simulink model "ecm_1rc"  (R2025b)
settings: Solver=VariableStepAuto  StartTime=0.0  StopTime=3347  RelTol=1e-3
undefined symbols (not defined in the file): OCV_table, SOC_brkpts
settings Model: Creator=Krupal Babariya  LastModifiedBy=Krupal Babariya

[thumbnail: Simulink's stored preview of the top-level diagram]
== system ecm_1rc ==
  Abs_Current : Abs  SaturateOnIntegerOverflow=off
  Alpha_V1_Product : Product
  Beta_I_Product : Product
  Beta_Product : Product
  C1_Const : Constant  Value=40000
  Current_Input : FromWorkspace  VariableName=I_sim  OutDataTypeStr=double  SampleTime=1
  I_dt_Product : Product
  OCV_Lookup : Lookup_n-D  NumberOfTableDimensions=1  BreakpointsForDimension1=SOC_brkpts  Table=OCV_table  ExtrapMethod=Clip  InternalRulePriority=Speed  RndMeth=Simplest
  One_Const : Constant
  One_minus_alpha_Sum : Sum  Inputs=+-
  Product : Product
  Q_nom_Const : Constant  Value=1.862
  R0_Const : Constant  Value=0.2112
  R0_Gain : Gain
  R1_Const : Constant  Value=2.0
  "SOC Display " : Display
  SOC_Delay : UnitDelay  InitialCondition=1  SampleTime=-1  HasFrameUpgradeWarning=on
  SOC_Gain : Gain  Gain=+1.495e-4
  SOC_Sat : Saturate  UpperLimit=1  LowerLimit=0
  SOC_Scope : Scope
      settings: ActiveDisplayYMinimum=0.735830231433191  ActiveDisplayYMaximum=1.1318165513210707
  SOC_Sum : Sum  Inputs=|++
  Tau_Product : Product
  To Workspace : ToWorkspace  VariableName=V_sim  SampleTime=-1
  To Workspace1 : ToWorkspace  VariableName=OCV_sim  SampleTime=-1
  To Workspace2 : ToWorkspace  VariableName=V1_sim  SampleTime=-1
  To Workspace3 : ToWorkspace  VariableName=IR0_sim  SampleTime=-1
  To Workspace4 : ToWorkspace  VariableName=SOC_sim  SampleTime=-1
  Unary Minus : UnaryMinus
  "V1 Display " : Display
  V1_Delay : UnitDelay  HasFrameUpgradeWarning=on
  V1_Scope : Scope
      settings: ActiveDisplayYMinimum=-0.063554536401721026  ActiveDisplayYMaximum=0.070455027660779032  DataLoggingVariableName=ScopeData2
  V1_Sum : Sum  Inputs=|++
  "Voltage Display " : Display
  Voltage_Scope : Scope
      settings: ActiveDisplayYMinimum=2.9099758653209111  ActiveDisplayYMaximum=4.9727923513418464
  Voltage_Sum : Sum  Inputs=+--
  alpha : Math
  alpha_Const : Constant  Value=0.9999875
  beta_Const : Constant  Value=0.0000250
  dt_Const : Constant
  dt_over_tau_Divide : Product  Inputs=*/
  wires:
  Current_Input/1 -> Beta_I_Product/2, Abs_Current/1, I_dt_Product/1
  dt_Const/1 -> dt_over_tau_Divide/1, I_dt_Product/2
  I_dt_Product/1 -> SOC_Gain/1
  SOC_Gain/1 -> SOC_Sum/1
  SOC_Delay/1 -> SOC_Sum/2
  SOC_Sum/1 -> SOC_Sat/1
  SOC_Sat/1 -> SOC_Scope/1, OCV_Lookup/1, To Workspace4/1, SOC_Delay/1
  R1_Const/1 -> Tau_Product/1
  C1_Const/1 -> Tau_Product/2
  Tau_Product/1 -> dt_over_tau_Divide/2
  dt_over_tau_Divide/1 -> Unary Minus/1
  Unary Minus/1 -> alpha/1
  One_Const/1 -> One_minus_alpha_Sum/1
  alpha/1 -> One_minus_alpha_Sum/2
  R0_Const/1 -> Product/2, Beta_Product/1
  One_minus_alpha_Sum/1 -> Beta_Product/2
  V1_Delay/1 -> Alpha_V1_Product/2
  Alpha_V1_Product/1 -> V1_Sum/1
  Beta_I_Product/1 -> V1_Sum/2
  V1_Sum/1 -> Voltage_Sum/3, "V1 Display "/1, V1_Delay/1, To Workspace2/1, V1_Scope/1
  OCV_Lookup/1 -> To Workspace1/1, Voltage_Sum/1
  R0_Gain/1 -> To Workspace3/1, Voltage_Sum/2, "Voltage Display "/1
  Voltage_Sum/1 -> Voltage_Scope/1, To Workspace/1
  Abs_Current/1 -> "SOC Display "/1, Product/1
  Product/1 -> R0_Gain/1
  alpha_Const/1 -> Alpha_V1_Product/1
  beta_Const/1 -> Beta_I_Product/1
-----
** Task to complete **
Reproduce all of the entries word for word.

** Solution for this problem **
simulink model "ecm_1rc"  (R2025b)
settings: Solver=VariableStepAuto  StartTime=0.0  StopTime=3347  RelTol=1e-3
undefined symbols (not defined in the file): OCV_table, SOC_brkpts
settings Model: Creator=Krupal Babariya  LastModifiedBy=Krupal Babariya

[thumbnail: Simulink's stored preview of the top-level diagram]
== system ecm_1rc ==
  Abs_Current : Abs  SaturateOnIntegerOverflow=off
  Alpha_V1_Product : Product
  Beta_I_Product : Product
  Beta_Product : Product
  C1_Const : Constant  Value=40000
  Current_Input : FromWorkspace  VariableName=I_sim  OutDataTypeStr=double  SampleTime=1
  I_dt_Product : Product
  OCV_Lookup : Lookup_n-D  NumberOfTableDimensions=1  BreakpointsForDimension1=SOC_brkpts  Table=OCV_table  ExtrapMethod=Clip  InternalRulePriority=Speed  RndMeth=Simplest
  One_Const : Constant
  One_minus_alpha_Sum : Sum  Inputs=+-
  Product : Product
  Q_nom_Const : Constant  Value=1.862
  R0_Const : Constant  Value=0.2112
  R0_Gain : Gain
  R1_Const : Constant  Value=2.0
  "SOC Display " : Display
  SOC_Delay : UnitDelay  InitialCondition=1  SampleTime=-1  HasFrameUpgradeWarning=on
  SOC_Gain : Gain  Gain=+1.495e-4
  SOC_Sat : Saturate  UpperLimit=1  LowerLimit=0
  SOC_Scope : Scope
      settings: ActiveDisplayYMinimum=0.735830231433191  ActiveDisplayYMaximum=1.1318165513210707
  SOC_Sum : Sum  Inputs=|++
  Tau_Product : Product
  To Workspace : ToWorkspace  VariableName=V_sim  SampleTime=-1
  To Workspace1 : ToWorkspace  VariableName=OCV_sim  SampleTime=-1
  To Workspace2 : ToWorkspace  VariableName=V1_sim  SampleTime=-1
  To Workspace3 : ToWorkspace  VariableName=IR0_sim  SampleTime=-1
  To Workspace4 : ToWorkspace  VariableName=SOC_sim  SampleTime=-1
  Unary Minus : UnaryMinus
  "V1 Display " : Display
  V1_Delay : UnitDelay  HasFrameUpgradeWarning=on
  V1_Scope : Scope
      settings: ActiveDisplayYMinimum=-0.063554536401721026  ActiveDisplayYMaximum=0.070455027660779032  DataLoggingVariableName=ScopeData2
  V1_Sum : Sum  Inputs=|++
  "Voltage Display " : Display
  Voltage_Scope : Scope
      settings: ActiveDisplayYMinimum=2.9099758653209111  ActiveDisplayYMaximum=4.9727923513418464
  Voltage_Sum : Sum  Inputs=+--
  alpha : Math
  alpha_Const : Constant  Value=0.9999875
  beta_Const : Constant  Value=0.0000250
  dt_Const : Constant
  dt_over_tau_Divide : Product  Inputs=*/
  wires:
  Current_Input/1 -> Beta_I_Product/2, Abs_Current/1, I_dt_Product/1
  dt_Const/1 -> dt_over_tau_Divide/1, I_dt_Product/2
  I_dt_Product/1 -> SOC_Gain/1
  SOC_Gain/1 -> SOC_Sum/1
  SOC_Delay/1 -> SOC_Sum/2
  SOC_Sum/1 -> SOC_Sat/1
  SOC_Sat/1 -> SOC_Scope/1, OCV_Lookup/1, To Workspace4/1, SOC_Delay/1
  R1_Const/1 -> Tau_Product/1
  C1_Const/1 -> Tau_Product/2
  Tau_Product/1 -> dt_over_tau_Divide/2
  dt_over_tau_Divide/1 -> Unary Minus/1
  Unary Minus/1 -> alpha/1
  One_Const/1 -> One_minus_alpha_Sum/1
  alpha/1 -> One_minus_alpha_Sum/2
  R0_Const/1 -> Product/2, Beta_Product/1
  One_minus_alpha_Sum/1 -> Beta_Product/2
  V1_Delay/1 -> Alpha_V1_Product/2
  Alpha_V1_Product/1 -> V1_Sum/1
  Beta_I_Product/1 -> V1_Sum/2
  V1_Sum/1 -> Voltage_Sum/3, "V1 Display "/1, V1_Delay/1, To Workspace2/1, V1_Scope/1
  OCV_Lookup/1 -> To Workspace1/1, Voltage_Sum/1
  R0_Gain/1 -> To Workspace3/1, Voltage_Sum/2, "Voltage Display "/1
  Voltage_Sum/1 -> Voltage_Scope/1, To Workspace/1
  Abs_Current/1 -> "SOC Display "/1, Product/1
  Product/1 -> R0_Gain/1
  alpha_Const/1 -> Alpha_V1_Product/1
  beta_Const/1 -> Beta_I_Product/1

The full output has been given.